I would have loved working with Ben. We’d be together every day, all day. What could be better than that? Even if half his mind was on MIT.
This was my second turndown from Frosty Dan and my eleventh for summer jobs in general. I put away the phone, not knowing who else to call. In a daze of discouragement, I flopped on our sofa and stared out the living room window at Riverview Boulevard. If I leaned sideways, I could barely see Olive Hurlow’s house. Damn those people for kidnapping the baby, scaring everyone to death, and screwing up my whole life. Grandma says things happen for a reason. I seriously doubt that. Things don’t just happen; people make them happen because people are selfish and greedy.
Am I cynical, or what?
Jasper, our Brussels griffon, jumped up on the sofa to keep me company. Mom had rules about dogs on furniture, but she wasn’t home. Nor was Grandma, who spoiled him even more than I did. A few months ago, Grandma took driving lessons and got a car of her own. With that, she was always on the go.
After a minute or two of Jasper therapy, I recovered enough to notice some mail on the cluttered coffee table. That was where Grandma usually dumped it. Along with the catalogs and other junk was a tissue-thi
n airmail envelope addressed to Mom and me. He always wrote us together, as a unit, so he wouldn’t have to do separate, personalized letters. That was my dad. Since he included me, I had the right to open it.

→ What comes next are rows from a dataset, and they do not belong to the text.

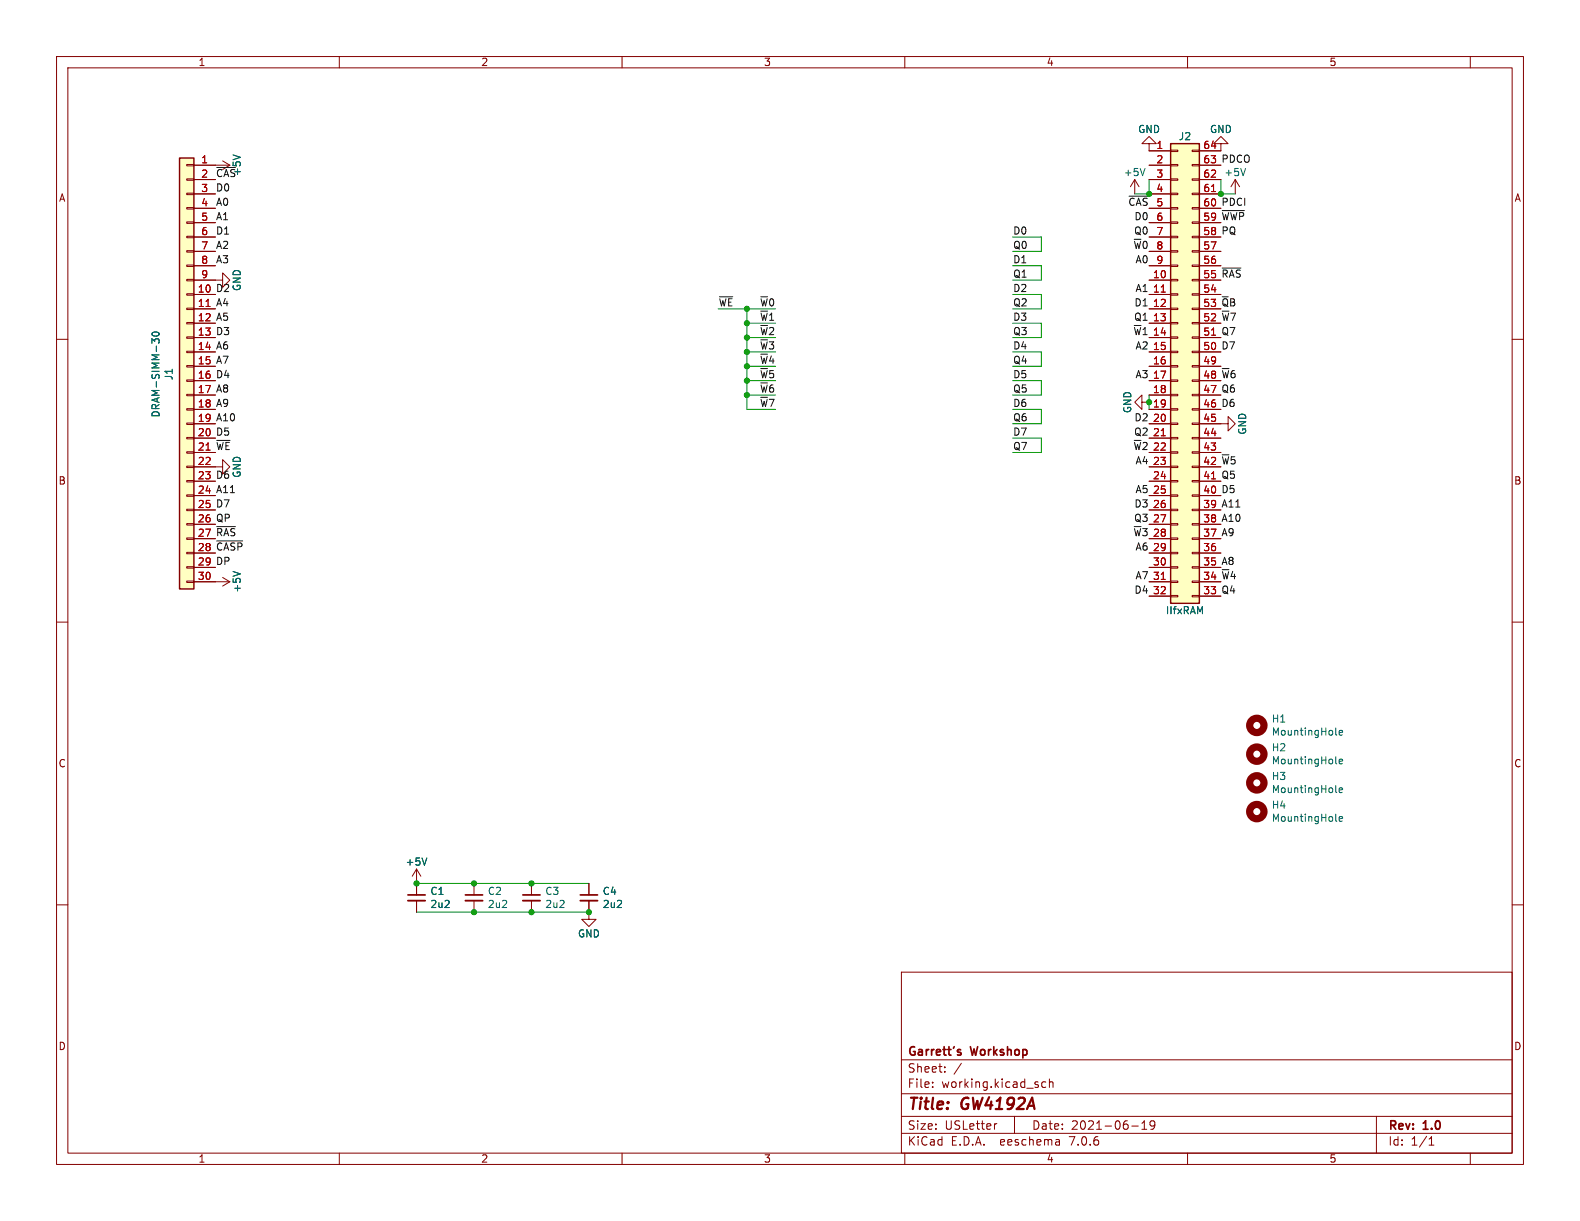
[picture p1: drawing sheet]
<svg xmlns="http://www.w3.org/2000/svg" width="279mm" height="216mm" viewBox="0 0 279 216" stroke-linecap="round" stroke-linejoin="round" font-family="sans-serif">
<g fill="none" stroke="#840000" stroke-width=".18">
<path d="M10 10h259.4v195.9h-259.4zM12 12h255.4v191.9h-255.4zM60 10v2M110 10v2M160 10v2M210 10v2M260 10v2M33 39.2h1.3v.3h-1.3zM33 36.7h1.3v.3h-1.3zM33 34.2h1.3v.2h-1.3zM33 31.6h1.3v.3h-1.3zM33 29.1h1.3v.2h-1.3z"/>
<path d="M34.3 29.2h6.3M34.3 31.8h3.8M34.3 34.3h3.8M34.3 36.8h3.8M34.3 39.4h3.8M39.4 28.4l1.2 .8M40.6 29.2l-1.2 .8M200.7 31.8l-.8 1.2M200.7 31.8v2.5M200.7 31.8l.7 1.2M203.2 25.4h1.3l-1.3-1.3-1.3 1.3h1.3v1.3h3.8M203.2 29.2h3.8"/>
<path d="M203.2 31.8h3.8M203.2 34.3h3.8M203.2 36.8h3.8M203.2 39.4h3.8M207 39.2h1.3v.3h-1.3zM207 36.7h1.3v.3h-1.3zM207 34.2h1.3v.2h-1.3zM207 31.6h1.3v.3h-1.3zM207 29.1h1.3v.2h-1.3zM207 26.5h1.3v.3h-1.3zM210.8 39.2h1.3v.3h-1.3zM210.8 36.7h1.3v.3h-1.3z"/>
<path d="M210.8 34.2h1.3v.2h-1.3zM210.8 31.6h1.3v.3h-1.3zM210.8 29.1h1.3v.2h-1.3zM210.8 26.5h1.3v.3h-1.3zM212.1 29.2h3.8M212.1 31.8h3.8M212.1 34.3h3.8M212.1 36.8h3.8M212.1 39.4h3.8M215.9 25.4h1.3l-1.3-1.3-1.3 1.3h1.3v1.3h-3.8M218.4 31.8l.8 1.2M218.4 31.8v2.5"/>
<path d="M218.4 31.8l-.7 1.2M10 60h2M33 59.6h1.3v.2h-1.3zM33 57h1.3v.3h-1.3zM33 54.5h1.3v.2h-1.3zM33 51.9h1.3v.3h-1.3zM33 49.4h1.3v.3h-1.3zM33 46.9h1.3v.2h-1.3zM33 44.3h1.3v.3h-1.3zM33 41.8h1.3v.2h-1.3zM34.3 49.5h5.1v-1.2l1.2 1.2-1.2 1.3v-1.3M34.3 52.1h3.8"/>
<path d="M34.3 54.6h3.8M34.3 57.2h3.8M34.3 59.7h3.8M34.3 41.9h3.8M34.3 44.5h3.8M34.3 47h3.8M203.2 52.1h3.8M203.2 54.6h3.8M203.2 57.2h3.8M203.2 59.7h3.8M203.2 41.9h3.8M203.2 44.5h3.8"/>
<path d="M203.2 47h3.8M203.2 49.5h3.8M207 59.6h1.3v.2h-1.3zM207 57h1.3v.3h-1.3zM207 54.5h1.3v.2h-1.3zM207 51.9h1.3v.3h-1.3zM207 49.4h1.3v.3h-1.3zM207 46.9h1.3v.2h-1.3zM207 44.3h1.3v.3h-1.3zM207 41.8h1.3v.2h-1.3zM210.8 59.6h1.3v.2h-1.3zM210.8 57h1.3v.3h-1.3z"/>
<path d="M210.8 54.5h1.3v.2h-1.3zM210.8 51.9h1.3v.3h-1.3zM210.8 49.4h1.3v.3h-1.3zM210.8 46.9h1.3v.2h-1.3zM210.8 44.3h1.3v.3h-1.3zM210.8 41.8h1.3v.2h-1.3zM212.1 52.1h3.8M212.1 54.6h3.8M212.1 57.2h3.8M212.1 59.7h3.8M212.1 41.9h3.8M212.1 44.5h3.8"/>
<path d="M212.1 47h3.8M212.1 49.5h3.8M267.4 60h2M33 79.9h1.3v.2h-1.3zM33 77.3h1.3v.3h-1.3zM33 74.8h1.3v.3h-1.3zM33 72.3h1.3v.2h-1.3zM33 69.7h1.3v.3h-1.3zM33 67.2h1.3v.2h-1.3zM33 64.6h1.3v.3h-1.3zM33 62.1h1.3v.3h-1.3zM34.3 62.2h3.8"/>
<path d="M34.3 64.8h3.8M34.3 67.3h3.8M34.3 69.9h3.8M34.3 72.4h3.8M34.3 74.9h3.8M34.3 77.5h3.8M201.9 71.1v-1.2l-1.2 1.2 1.2 1.3v-1.3h1.3M203.2 62.2h3.8M203.2 64.8h3.8M203.2 67.3h3.8M203.2 69.9h3.8M203.2 72.4h3.8"/>
<path d="M203.2 74.9h3.8M203.2 77.5h3.8M207 79.9h1.3v.2h-1.3zM207 77.3h1.3v.3h-1.3zM207 74.8h1.3v.3h-1.3zM207 72.3h1.3v.2h-1.3zM207 69.7h1.3v.3h-1.3zM207 67.2h1.3v.2h-1.3zM207 64.6h1.3v.3h-1.3zM207 62.1h1.3v.3h-1.3zM210.8 79.9h1.3v.2h-1.3zM210.8 77.3h1.3v.3h-1.3z"/>
<path d="M210.8 74.8h1.3v.3h-1.3zM210.8 72.3h1.3v.2h-1.3zM210.8 69.7h1.3v.3h-1.3zM210.8 67.2h1.3v.2h-1.3zM210.8 64.6h1.3v.3h-1.3zM210.8 62.1h1.3v.3h-1.3zM212.1 74.9h5.1v-1.2l1.2 1.2-1.2 1.3v-1.3M212.1 62.2h3.8M212.1 64.8h3.8M212.1 67.3h3.8M212.1 69.9h3.8M212.1 72.4h3.8"/>
<path d="M212.1 77.5h3.8M33 97.7h1.3v.2h-1.3zM33 95.1h1.3v.3h-1.3zM33 92.6h1.3v.2h-1.3zM33 90h1.3v.3h-1.3zM33 87.5h1.3v.3h-1.3zM33 85h1.3v.2h-1.3zM33 82.4h1.3v.3h-1.3zM34.3 82.6h5.1v-1.3l1.2 1.3-1.2 1.2v-1.2M34.3 80h3.8M34.3 85.1h3.8M34.3 87.6h3.8"/>
<path d="M34.3 90.2h3.8M34.3 92.7h3.8M34.3 95.3h3.8M34.3 97.8h3.8M203.2 80h3.8M203.2 82.6h3.8M203.2 85.1h3.8M203.2 87.6h3.8M203.2 90.2h3.8M203.2 92.7h3.8M203.2 95.3h3.8M203.2 97.8h3.8"/>
<path d="M207 97.7h1.3v.2h-1.3zM207 95.1h1.3v.3h-1.3zM207 92.6h1.3v.2h-1.3zM207 90h1.3v.3h-1.3zM207 87.5h1.3v.3h-1.3zM207 85h1.3v.2h-1.3zM207 82.4h1.3v.3h-1.3zM210.8 97.7h1.3v.2h-1.3zM210.8 95.1h1.3v.3h-1.3zM210.8 92.6h1.3v.2h-1.3zM210.8 90h1.3v.3h-1.3zM210.8 87.5h1.3v.3h-1.3z"/>
<path d="M210.8 85h1.3v.2h-1.3zM210.8 82.4h1.3v.3h-1.3zM212.1 80h3.8M212.1 82.6h3.8M212.1 85.1h3.8M212.1 87.6h3.8M212.1 90.2h3.8M212.1 92.7h3.8M212.1 95.3h3.8M212.1 97.8h3.8M10 110h2M33 102.7h1.3v.3h-1.3z"/>
<path d="M33 100.2h1.3v.3h-1.3zM34.3 100.3h3.8M34.3 102.9h6.3M39.4 102.1l1.2 .8M40.6 102.9l-1.2 .7M203.2 100.3h3.8M203.2 102.9h3.8M203.2 105.4h3.8M207 105.3h1.3v.2h-1.3zM207 102.7h1.3v.3h-1.3zM207 100.2h1.3v.3h-1.3zM210.8 105.3h1.3v.2h-1.3z"/>
<path d="M210.8 102.7h1.3v.3h-1.3zM210.8 100.2h1.3v.3h-1.3zM212.1 100.3h3.8M212.1 102.9h3.8M212.1 105.4h3.8M267.4 110h2M10 160h2M73.7 153.7v4.5M73.7 159.3v2M73.7 153.7l-.8 1.2M73.7 153.7l.7 1.2M83.8 156.2v2"/>
<path d="M83.8 159.3v2M94 156.2v2M94 159.3v2M104.1 159.3v3.3h1.3l-1.3 1.2-1.2-1.2h1.2M104.1 156.2v2M267.4 160h2M159.4 171.9h108v32h-108zM159.4 197.4h108M159.4 193.4h108M159.4 187.4h108M164.9 192.1v.2M164.9 191.4v.1"/>
<path d="M167.1 189.4v.2M167.1 188.7v.1M170 188l-1.3 1.9M176.3 198.7l-.3 .1M179.4 197.4v3M184.9 191.4l-.4-.1-.3 .3v.4l.2 .2h.5M185.6 191.4l.2-.1 .3 .1 .1 .9M185.6 190.8v1.5M200.1 199.1h1.2M201.9 199.7h.9M201.9 198.6l.5-.4v1.5M204.2 198.8l-.3 .3h-.3l-.2-.3 .1-.5 .4-.1 .2 .1a.99 .99 0 0 1-.3 1.4h-.3"/>
<path d="M243.4 197.4v6.5M60 203.9v2M110 203.9v2M159.4 200.4h108M160 203.9v2M187.3 201.6l.1 .9M187.4 202.4l-.2 .1M187.4 201.8l-.2 .1M210 203.9v2M252.7 202.5h.9M252.7 201.4l.4-.4v1.5M260 203.9v2"/>
</g>
<path d="M72.1 158.2h3.1M82.3 158.2h3M92.5 158.2h3M102.6 158.2h3.1M169.5 186.1h.4l.1 .3-.3 .2h-.2M169.5 185.6h.4" fill="none" stroke="#840000" stroke-width=".3"/>
<g fill="#ffffc2" stroke="#ffffc2" stroke-width=".18">
<path d="M31.7 27.9h2.6v76.2h-2.6z"/>
<path d="M207 25.4h5.1v81.3h-5.1z"/>
</g>
<path d="M31.7 27.9h2.6v76.2h-2.6zM207 25.4h5.1v81.3h-5.1z" fill="none" stroke="#840000" stroke-width=".25"/>
<path d="M214.2 33.9h.8M36.4 54.2h.8M205.3 51.7h.8M214.2 59.3h.8M36.4 79.6h.8M205.3 77.1h.8M214.2 84.7h.8M205.3 102.5h.8" fill="none" stroke="#a90000" stroke-width=".18"/>
<g fill="none" stroke="#006464" stroke-width=".18">
<path d="M41.2 27.4l1.3 .4M202.5 29.8l-.4 1.3M220.3 29.8l-.5 1.3M27 58.8a.69 .69 0 0 1 1.1 .3 .72 .72 0 0 1-1.2-.1zM28.1 60.5v-.3l-.2-.3-.4 .1-.1 .3-.5-.4v.8M41.2 101.1l1.3 .4M236.2 134.9l.2 .2M236.2 129.8l.2 .2M236.2 140l.2 .2M236.8 129.6l.6-.2v-.2l-.4-.1-.2 .2 .1 .6h.5M236.8 134.6l.6-.1v-.2l-.4-.1-.2 .2 .1 .6h.5M236.8 139.7l.6-.1v-.2l-.4-.1-.2 .2 .1 .6h.5"/>
<path d="M75.5 151.7l-.4 1.3M236.2 145.1l.2 .1M236.8 144.8l.6-.1v-.3h-.4l-.2 .2 .1 .6h.5"/>
</g>
<path d="M72.1 159.3h3.1M82.3 159.3h3M92.5 159.3h3M102.6 159.3h3.1" fill="none" stroke="#840000" stroke-width=".33"/>
<g fill="none" stroke="#840000" stroke-width="1.3">
<circle cx="222.2" cy="128.3" r="1.27"/>
<circle cx="222.2" cy="133.3" r="1.27"/>
<circle cx="222.2" cy="138.4" r="1.27"/>
<circle cx="222.2" cy="143.5" r="1.27"/>
</g>
<path d="M38.3 29.6h3.3M199.7 34.7h3.3M216.1 37.2h3.9M216.1 47.4h3.3M38.3 95.7h4.6M38.3 93.1h3.3" fill="none" stroke="#0f0f0f" stroke-width=".18"/>
<g fill="none" stroke="#009600" stroke-width=".18">
<path d="M203.2 31.8v2.5h-2.5M215.9 31.8v2.5h2.5M127 54.6h10.2M132.1 54.6v17.8h5.1M132.1 57.2h5.1M132.1 59.7h5.1M179.1 57.2h5v2.5h-5M179.1 52.1h5v2.5h-5M179.1 41.9h5v2.6h-5M179.1 47h5v2.5h-5M132.1 69.9h5.1M132.1 64.8h5.1"/>
<path d="M132.1 67.3h5.1M132.1 62.2h5.1M179.1 72.4h5v2.5h-5M179.1 67.3h5v2.6h-5M179.1 62.2h5v2.6h-5M179.1 77.5h5v2.5h-5M203.2 69.9v2.5M73.7 156.2h30.4M73.7 161.3h30.4"/>
</g>
<g fill="#009600" stroke="#009600" stroke-width=".18">
<circle cx="132.1" cy="64.8" r=".46"/>
<circle cx="132.1" cy="62.2" r=".46"/>
<circle cx="132.1" cy="67.3" r=".46"/>
<circle cx="132.1" cy="69.9" r=".46"/>
<circle cx="132.1" cy="59.7" r=".46"/>
<circle cx="83.8" cy="156.2" r=".46"/>
<circle cx="83.8" cy="161.3" r=".46"/>
<circle cx="73.7" cy="156.2" r=".46"/>
<circle cx="94" cy="161.3" r=".46"/>
<circle cx="94" cy="156.2" r=".46"/>
<circle cx="132.1" cy="57.2" r=".46"/>
<circle cx="104.1" cy="161.3" r=".46"/>
<circle cx="215.9" cy="34.3" r=".46"/>
<circle cx="203.2" cy="34.3" r=".46"/>
<circle cx="203.2" cy="71.1" r=".46"/>
</g>
<g font-size="2.8" fill="#840000">
<text x="160.4" y="196.8">Title:</text>
<text x="170.1" y="196.8">GW4192A</text>
</g>
<g font-size="2.1" fill="#840000">
<text x="160.4" y="189.9">Sheet:</text>
<text x="160.4" y="187.1">Garrett's</text>
<text x="171.8" y="187.1">Workshop</text>
<text x="160.4" y="192.6">File:</text>
<text x="166.5" y="192.6">working.kicad_sch</text>
<text x="160.4" y="202.8">KiCad</text>
<text x="160.4" y="200">Size:</text>
<text x="167.1" y="200">USLetter</text>
<text x="168.1" y="202.8">E.D.A.</text>
<text x="177" y="202.8">eeschema</text>
<text x="182.4" y="200">Date:</text>
<text x="189.4" y="202.8">7.0.6</text>
<text x="189.4" y="200">2021-06-19</text>
<text x="245.4" y="200.2">Rev:</text>
<text x="245.4" y="202.8">Id:</text>
<text x="249.5" y="202.8">1/1</text>
<text x="251.8" y="200.2">1.0</text>
</g>
<g font-size="1.8" fill="#840000">
<text x="35" y="11.9">1</text>
<text x="85" y="11.9">2</text>
<text x="135" y="11.9">3</text>
<text x="185" y="11.9">4</text>
<text x="235" y="11.9">5</text>
<text x="10.3" y="35.9">A</text>
<text x="267.7" y="35.9">A</text>
<text x="10.3" y="85.9">B</text>
<text x="267.7" y="85.9">B</text>
<text x="10.3" y="135.9">C</text>
<text x="267.7" y="135.9">C</text>
<text x="10.3" y="185.9">D</text>
<text x="267.7" y="185.9">D</text>
<text x="35" y="205.8">1</text>
<text x="85" y="205.8">2</text>
<text x="135" y="205.8">3</text>
<text x="185" y="205.8">4</text>
<text x="235" y="205.8">5</text>
</g>
<g font-size="1.8" fill="#006464">
<text x="201.2" y="23.7">GND</text>
<text x="213.9" y="23.7">GND</text>
<text x="208.4" y="25">J2</text>
<text x="42.8" y="31.2" transform="rotate(-90 42.8 31.2)">+5V</text>
<text x="198.6" y="31.3">+5V</text>
<text x="216.4" y="31.3">+5V</text>
<text x="42.8" y="51.6" transform="rotate(-90 42.8 51.6)">GND</text>
<text x="30.7" y="67.3" transform="rotate(-90 30.7 67.3)">J1</text>
<text x="28.4" y="73.9" transform="rotate(-90 28.4 73.9)">DRAM-SIMM-30</text>
<text x="200.3" y="73.2" transform="rotate(-90 200.3 73.2)">GND</text>
<text x="220.6" y="77" transform="rotate(-90 220.6 77)">GND</text>
<text x="42.8" y="84.6" transform="rotate(-90 42.8 84.6)">GND</text>
<text x="42.8" y="104.9" transform="rotate(-90 42.8 104.9)">+5V</text>
<text x="206.1" y="108.8">IIfxRAM</text>
<text x="224.8" y="128">H1</text>
<text x="224.8" y="130.3">MountingHole</text>
<text x="224.8" y="133">H2</text>
<text x="224.8" y="135.4">MountingHole</text>
<text x="224.8" y="143.2">H4</text>
<text x="224.8" y="138.1">H3</text>
<text x="224.8" y="140.4">MountingHole</text>
<text x="224.8" y="145.5">MountingHole</text>
<text x="71.6" y="153.3">+5V</text>
<text x="76" y="158.4">C1</text>
<text x="76" y="160.8">2u2</text>
<text x="86.2" y="158.4">C2</text>
<text x="86.2" y="160.8">2u2</text>
<text x="96.3" y="158.4">C3</text>
<text x="96.3" y="160.8">2u2</text>
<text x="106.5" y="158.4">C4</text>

First I took a moment to admire the exotic stamps. He was still in Borneo, where he’d settled after going around the world a few times. He took off right after I was born, telling Mom he needed space. He flew all over, taking pictures, writing articles, and working at odd jobs to supplement whatever tiny income he got. That was what sent Mom into real estate, where she did very well. Better than he was doing.
I picked up the cheese knife Grandma kept there and slit the tissue-thin envelope. I unfolded the tissue-thin letter and started reading.
Hey, buddy, it began. I hope by now you’re out of prison.
I had to go over it twice and finally concluded he didn’t mean us.
Who did he mean? Maybe if I read the whole letter, I could find out.
The rest of it only got weirder.
It grieves me no end to learn about your troubles. How did you get into such a mess? Do those people have some sort of hold over you? I hope to find out more when I see you. I’ve made a reservation that gets into JFK on Friday.
Dad was coming! But not to us. He gave the date, time, and flight number of some exotic airline, and hoped Hey Buddy would meet him.
How would Hey Buddy know to do that if he didn’t get this letter?
Dad signed it with an initial, D. It was the same flourish he always used, but a different character. For us he signed J as in Jules, because that was his name. Could it be that my dad was leading a double life?
I didn’t know how to find out. Nobody was home except Jasper, snuggled beside me on the sofa.